Turning points in history

13 March 2006


What major events do you regard as turning points in South Africa's past?

The Soweto uprising? Mandela's release?

Perhaps they go further back to the Mfecane or the mineral revolution.

This question would probably spark a lively debate at any dinner party, with different opinions flying back and forth.

It is this debate that a series of history booklets, for grade 10 to 12 teachers, is encouraging by working through momentous stages that stand out, and what these mean to South Africa as a nation.

Titled Turning Points in History, the set of seven booklets consists of essays packaged into six turning points, beginning with Ancient Civilisations and Global Trade, and ending with Negotiation, Transition and Freedom, and a teacher's guide.

The series, published by the Institute for Justice and Reconciliation and the national Department of Education, was authored by 22 South African academics, including UCT's Professor Christopher Saunders and Dr Mohamed Adhikari, both of historical studies, and Dr Sean Field (Centre of Popular Memory), and edited by a committee led by Professor Bill Nasson (historical studies).

The teacher's guide was written by Associate Professor Rob Siebörger (School of Education), rounding off the UCT influence.

Describing South Africans' collective memory of the past as "a mosaic of different accounts and interpretations", the books encourage readers to acknowledge the experiences of all the different groups, and to take into account the wide variety of explanations available before developing their own informed perspectives.
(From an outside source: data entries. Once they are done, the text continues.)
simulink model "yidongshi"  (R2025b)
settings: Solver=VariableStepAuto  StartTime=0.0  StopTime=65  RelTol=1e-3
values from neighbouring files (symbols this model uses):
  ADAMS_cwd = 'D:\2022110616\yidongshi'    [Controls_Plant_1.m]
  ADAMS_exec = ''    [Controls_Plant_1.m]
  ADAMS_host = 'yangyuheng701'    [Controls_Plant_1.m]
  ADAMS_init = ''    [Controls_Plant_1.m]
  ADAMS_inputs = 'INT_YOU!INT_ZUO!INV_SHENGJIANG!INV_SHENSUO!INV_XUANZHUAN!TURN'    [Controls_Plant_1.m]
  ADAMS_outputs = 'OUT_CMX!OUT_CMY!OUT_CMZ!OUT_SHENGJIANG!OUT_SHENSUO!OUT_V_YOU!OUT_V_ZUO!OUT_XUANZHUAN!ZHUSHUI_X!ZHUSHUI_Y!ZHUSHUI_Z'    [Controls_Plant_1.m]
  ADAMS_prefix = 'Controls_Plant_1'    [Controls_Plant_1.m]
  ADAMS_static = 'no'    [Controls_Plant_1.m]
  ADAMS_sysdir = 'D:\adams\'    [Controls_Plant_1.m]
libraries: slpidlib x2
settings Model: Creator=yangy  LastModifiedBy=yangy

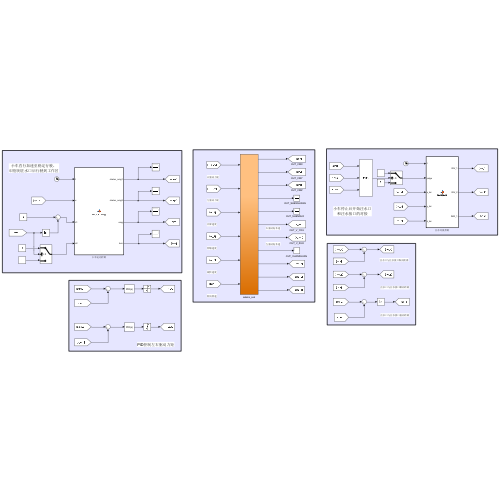
[thumbnail: Simulink's stored preview of the top-level diagram]
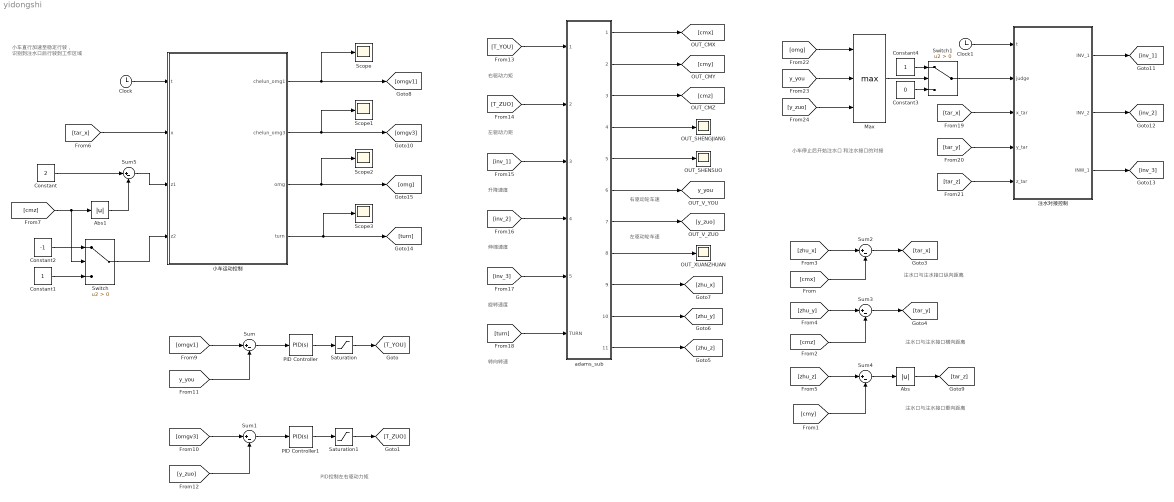
== system yidongshi ==
  note: PID控制左右驱动力矩
  note: 注水口与注水接口纵向距离
  note: 注水口与注水接口横向距离
  note: 注水口与注水接口垂向距离
  note: 小车停止后开始注水口
      | 和注水接口的对接
  note: 小车直行加速至稳定行驶，
      | 识别到注水口后行驶到工作区域
  note: 右驱动力矩
  note: 左驱动力矩
  note: 升降速度
  note: 伸缩速度
  note: 旋转速度
  note: 转向转速
  note: 右驱动轮车速
  note: 左驱动轮车速
  Abs : Abs  SaturateOnIntegerOverflow=off
  Abs1 : Abs  SaturateOnIntegerOverflow=off
  Clock : Clock
  Clock1 : Clock
  Constant : Constant  Value=2
  Constant1 : Constant
  Constant2 : Constant  Value=-1
  Constant3 : Constant  Value=0
  Constant4 : Constant
  Max : MinMax  Function=max  Inputs=3
  "OUT_SHENGJIANG     " : Scope
      settings: DataLoggingVariableName=ScopeData6
  "OUT_SHENSUO     " : Scope
      settings: DataLoggingVariableName=ScopeData7
  "OUT_XUANZHUAN " : Scope
      settings: DataLoggingVariableName=ScopeData8
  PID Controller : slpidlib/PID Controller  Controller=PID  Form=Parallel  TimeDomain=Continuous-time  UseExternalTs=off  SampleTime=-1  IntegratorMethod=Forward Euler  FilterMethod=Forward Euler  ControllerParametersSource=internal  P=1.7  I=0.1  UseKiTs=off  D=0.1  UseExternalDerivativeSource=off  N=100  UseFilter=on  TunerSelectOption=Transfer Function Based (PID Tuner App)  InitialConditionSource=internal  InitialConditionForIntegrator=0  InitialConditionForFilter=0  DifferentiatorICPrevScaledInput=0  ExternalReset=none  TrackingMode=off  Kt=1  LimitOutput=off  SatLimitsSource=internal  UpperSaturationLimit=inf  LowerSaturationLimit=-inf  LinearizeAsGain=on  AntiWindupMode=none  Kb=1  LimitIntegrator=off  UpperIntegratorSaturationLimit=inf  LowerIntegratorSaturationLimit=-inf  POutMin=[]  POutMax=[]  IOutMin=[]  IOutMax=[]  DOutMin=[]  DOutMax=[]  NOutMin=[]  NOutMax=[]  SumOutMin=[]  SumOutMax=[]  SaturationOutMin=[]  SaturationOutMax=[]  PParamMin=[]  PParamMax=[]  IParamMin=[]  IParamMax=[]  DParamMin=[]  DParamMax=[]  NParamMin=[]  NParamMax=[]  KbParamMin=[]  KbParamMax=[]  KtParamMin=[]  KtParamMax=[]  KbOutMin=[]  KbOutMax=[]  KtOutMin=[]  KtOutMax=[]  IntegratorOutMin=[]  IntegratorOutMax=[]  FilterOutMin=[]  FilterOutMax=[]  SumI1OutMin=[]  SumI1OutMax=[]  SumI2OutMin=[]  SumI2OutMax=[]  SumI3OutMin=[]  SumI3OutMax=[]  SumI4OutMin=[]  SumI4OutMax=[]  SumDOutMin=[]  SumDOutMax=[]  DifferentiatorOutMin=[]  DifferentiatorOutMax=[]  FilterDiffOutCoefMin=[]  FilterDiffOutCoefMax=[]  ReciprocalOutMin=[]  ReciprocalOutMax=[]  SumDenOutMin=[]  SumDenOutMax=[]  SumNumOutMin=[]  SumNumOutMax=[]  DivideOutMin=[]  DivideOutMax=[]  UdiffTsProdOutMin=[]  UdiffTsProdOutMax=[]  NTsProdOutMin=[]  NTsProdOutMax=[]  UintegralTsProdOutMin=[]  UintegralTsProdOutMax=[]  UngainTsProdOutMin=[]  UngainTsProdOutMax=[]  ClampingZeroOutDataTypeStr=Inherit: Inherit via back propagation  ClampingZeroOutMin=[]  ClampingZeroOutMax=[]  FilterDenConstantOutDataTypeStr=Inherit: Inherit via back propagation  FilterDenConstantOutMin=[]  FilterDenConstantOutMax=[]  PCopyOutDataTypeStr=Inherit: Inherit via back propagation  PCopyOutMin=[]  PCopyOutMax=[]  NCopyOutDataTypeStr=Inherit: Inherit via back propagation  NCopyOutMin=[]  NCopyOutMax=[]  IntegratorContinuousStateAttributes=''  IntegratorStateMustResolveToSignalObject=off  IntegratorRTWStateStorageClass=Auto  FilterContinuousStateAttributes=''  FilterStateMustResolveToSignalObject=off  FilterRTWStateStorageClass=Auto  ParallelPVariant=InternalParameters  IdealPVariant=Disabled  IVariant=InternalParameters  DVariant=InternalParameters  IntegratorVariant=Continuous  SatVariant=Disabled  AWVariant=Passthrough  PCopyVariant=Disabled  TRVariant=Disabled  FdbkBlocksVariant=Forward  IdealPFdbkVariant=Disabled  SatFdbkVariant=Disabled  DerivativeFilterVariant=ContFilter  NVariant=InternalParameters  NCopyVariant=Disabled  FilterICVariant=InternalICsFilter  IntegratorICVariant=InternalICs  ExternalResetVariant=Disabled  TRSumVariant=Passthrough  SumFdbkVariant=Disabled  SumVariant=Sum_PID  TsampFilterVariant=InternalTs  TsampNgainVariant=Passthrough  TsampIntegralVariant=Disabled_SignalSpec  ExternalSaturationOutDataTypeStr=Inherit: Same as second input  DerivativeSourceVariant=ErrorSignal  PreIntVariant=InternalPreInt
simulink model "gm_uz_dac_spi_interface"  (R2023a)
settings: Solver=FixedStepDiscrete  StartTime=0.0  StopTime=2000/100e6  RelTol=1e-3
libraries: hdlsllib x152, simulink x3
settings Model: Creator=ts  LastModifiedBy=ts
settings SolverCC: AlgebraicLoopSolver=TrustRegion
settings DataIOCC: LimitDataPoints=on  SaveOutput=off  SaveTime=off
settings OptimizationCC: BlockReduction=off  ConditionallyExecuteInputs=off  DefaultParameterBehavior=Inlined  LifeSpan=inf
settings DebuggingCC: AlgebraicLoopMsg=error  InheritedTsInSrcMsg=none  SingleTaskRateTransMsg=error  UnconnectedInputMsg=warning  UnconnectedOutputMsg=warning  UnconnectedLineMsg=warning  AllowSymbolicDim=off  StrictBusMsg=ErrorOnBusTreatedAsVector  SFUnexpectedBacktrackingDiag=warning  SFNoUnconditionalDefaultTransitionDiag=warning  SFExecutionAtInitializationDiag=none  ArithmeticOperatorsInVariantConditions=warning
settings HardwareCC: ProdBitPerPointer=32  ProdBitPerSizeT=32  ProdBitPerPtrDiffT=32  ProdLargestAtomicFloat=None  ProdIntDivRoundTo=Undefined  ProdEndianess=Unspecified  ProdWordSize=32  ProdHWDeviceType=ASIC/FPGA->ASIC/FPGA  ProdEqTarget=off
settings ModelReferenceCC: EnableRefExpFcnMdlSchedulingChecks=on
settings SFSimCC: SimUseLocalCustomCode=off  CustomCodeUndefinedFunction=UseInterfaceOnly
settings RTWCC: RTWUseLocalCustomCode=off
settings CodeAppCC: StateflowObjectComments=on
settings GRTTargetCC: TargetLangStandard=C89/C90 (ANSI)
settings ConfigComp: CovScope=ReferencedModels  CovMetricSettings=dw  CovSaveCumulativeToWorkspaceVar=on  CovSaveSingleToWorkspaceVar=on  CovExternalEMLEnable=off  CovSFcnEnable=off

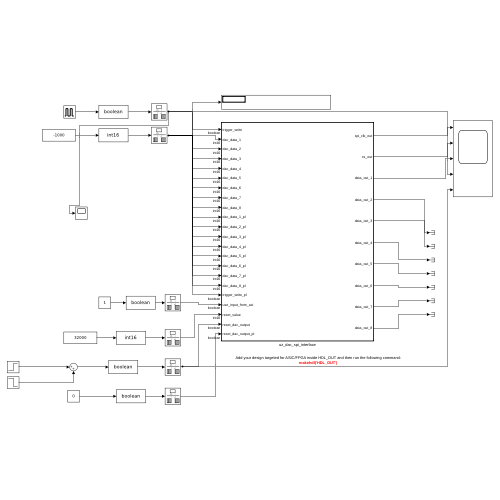
[thumbnail: Simulink's stored preview of the top-level diagram]
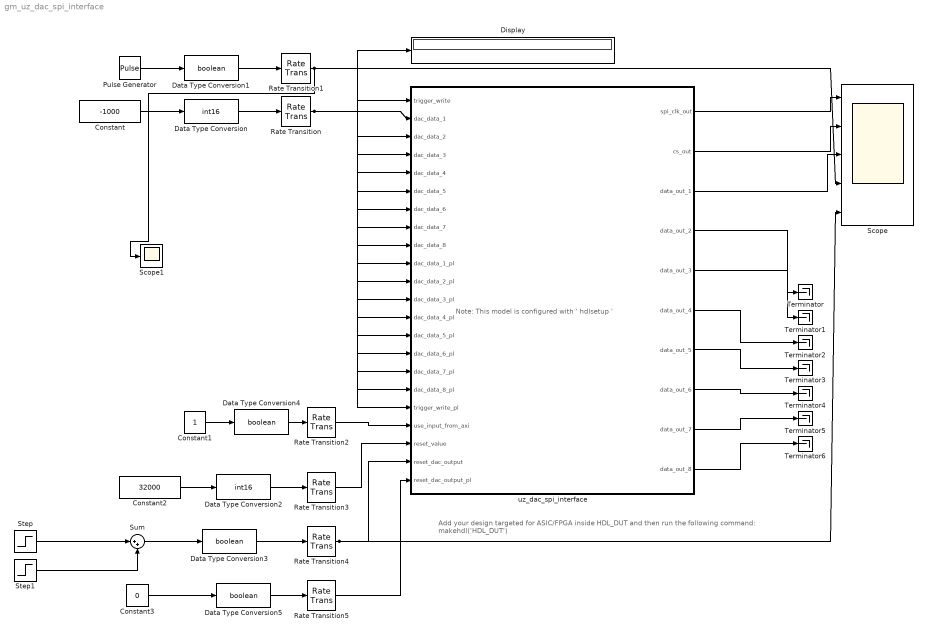
== system gm_uz_dac_spi_interface ==
  note: Add your design targeted for ASIC/FPGA inside HDL_DUT and then run the following command:
      | makehdl('HDL_DUT')
  note: Note: This model is configured with ' hdlsetup '
  Constant : Constant  Value=-1000  OutDataTypeStr=int16  SampleTime=1/100e6
  Constant1 : Constant
  Constant2 : Constant  Value=32000  OutDataTypeStr=int16  SampleTime=1/100e6
  Constant3 : Constant  Value=0
  Data Type Conversion : DataTypeConversion  OutDataTypeStr=int16  SaturateOnIntegerOverflow=off  RndMeth=Floor
  Data Type Conversion{1,3..5} (4 alike) : DataTypeConversion  OutDataTypeStr=boolean  SaturateOnIntegerOverflow=off  RndMeth=Floor
  Data Type Conversion2 : DataTypeConversion  OutDataTypeStr=int16  SaturateOnIntegerOverflow=off  RndMeth=Floor
  Display : Display
      settings: Format=binary (Stored Integer)
  Pulse Generator : DiscretePulseGenerator  PulseType=Time based  Period=200/100e6  PulseWidth=10
  Rate Transition{,1..5} (6 alike) : RateTransition  OutPortSampleTime=1/100e6
  Scope : Scope  NumInputPorts=5
  Scope1 : Scope
  Step : Step  Time=280/100e6  SampleTime=1/100e6  VectorParams1D=off
  Step1 : Step  Time=800/100e6  After=-1  SampleTime=1/100e6
  Sum : Sum  Inputs=|++
  Terminator{,1..6} (7 alike) : Terminator
  uz_dac_spi_interface : Subsystem  TreatAsAtomicUnit=on
  wires:
  Sum/1 -> Data Type Conversion3/1
  Step1/1 -> Sum/2
  Step/1 -> Sum/1
  Rate Transition4/1 -> uz_dac_spi_interface/21(reset_dac_output), Scope/5
  Data Type Conversion5/1 -> Rate Transition5/1
  Data Type Conversion4/1 -> Rate Transition2/1
  Rate Transition5/1 -> uz_dac_spi_interface/22(reset_dac_output_pl)
  Constant3/1 -> Data Type Conversion5/1
  Data Type Conversion3/1 -> Rate Transition4/1
  Rate Transition3/1 -> uz_dac_spi_interface/20(reset_value)
  Data Type Conversion2/1 -> Rate Transition3/1
  Constant2/1 -> Data Type Conversion2/1
  uz_dac_spi_interface/10(data_out_8) -> Terminator6/1
  uz_dac_spi_interface/9(data_out_7) -> Terminator5/1
  uz_dac_spi_interface/8(data_out_6) -> Terminator4/1
  uz_dac_spi_interface/7(data_out_5) -> Terminator3/1
  uz_dac_spi_interface/6(data_out_4) -> Terminator2/1
  uz_dac_spi_interface/5(data_out_3) -> Terminator1/1
  uz_dac_spi_interface/4(data_out_2) -> Terminator/1
  Constant1/1 -> Data Type Conversion4/1
  Rate Transition2/1 -> uz_dac_spi_interface/19(use_input_from_axi)
  Pulse Generator/1 -> Data Type Conversion1/1
  Data Type Conversion1/1 -> Rate Transition1/1
  Rate Transition1/1 -> Scope1/1, uz_dac_spi_interface/18(trigger_write_pl), uz_dac_spi_interface/1(trigger_write), Scope/4
  uz_dac_spi_interface/1(spi_clk_out) -> Scope/1
  uz_dac_spi_interface/2(cs_out) -> Scope/2
  Rate Transition/1 -> uz_dac_spi_interface/2(dac_data_1), uz_dac_spi_interface/3(dac_data_2), uz_dac_spi_interface/4(dac_data_3), uz_dac_spi_interface/5(dac_data_4), uz_dac_spi_interface/6(dac_data_5), uz_dac_spi_interface/8(dac_data_7), uz_dac_spi_interface/9(dac_data_8), uz_dac_spi_interface/10(dac_data_1_pl), uz_dac_spi_interface/11(dac_data_2_pl), uz_dac_spi_interface/12(dac_data_3_pl), uz_dac_spi_interface/13(dac_data_4_pl), uz_dac_spi_interface/14(dac_data_5_pl), uz_dac_spi_interface/15(dac_data_6_pl), uz_dac_spi_interface/16(dac_data_7_pl), uz_dac_spi_interface/17(dac_data_8_pl), uz_dac_spi_interface/7(dac_data_6), Display/1
  Data Type Conversion/1 -> Rate Transition/1
  uz_dac_spi_interface/3(data_out_1) -> Scope/3
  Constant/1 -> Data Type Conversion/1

This fresh, inclusive angle of looking at history has become essential for schools, especially teachers who play a pivotal role in shaping pupils' understanding of past events.

In what is probably an historical feat on its own, a set of booklets was sent free of charge to all high schools in the country, thanks to overseas funding. It emerged though, that teachers would need further guidance in using the materials effectively.

Subsequently, 12 lesson modules were developed from the teacher's guide and put onto an interactive CD, together with a multimedia introduction and the text of the book, a possible first in South African education publishing.

Siebörger has run training workshops for teachers and history curriculum advisers in all nine provinces, to familiarise them with the series and to demonstrate the teaching methods required for the new grade 10 to12 history curriculum.

The lively discussions that came up during these workshops helped participants to realise the importance of looking at historical facts in a questioning way, to see that one interpretation is not always necessarily cast in stone, and that just about everything is open to debate.

Siebörger explains that the Turning Points series is unique in that its focuses solely on South African history, compared to other textbooks that write on the history of South Africa along with other countries.

"There aren't many textbooks available at the right level of the curriculum that try to present the new face of South Africa," he says.

Published initially to coincide with the 10 years of democracy celebrations, these books could well be another turning point in professional development in education, by using history teaching as a tool for transformation and a means of mediating the past and the present.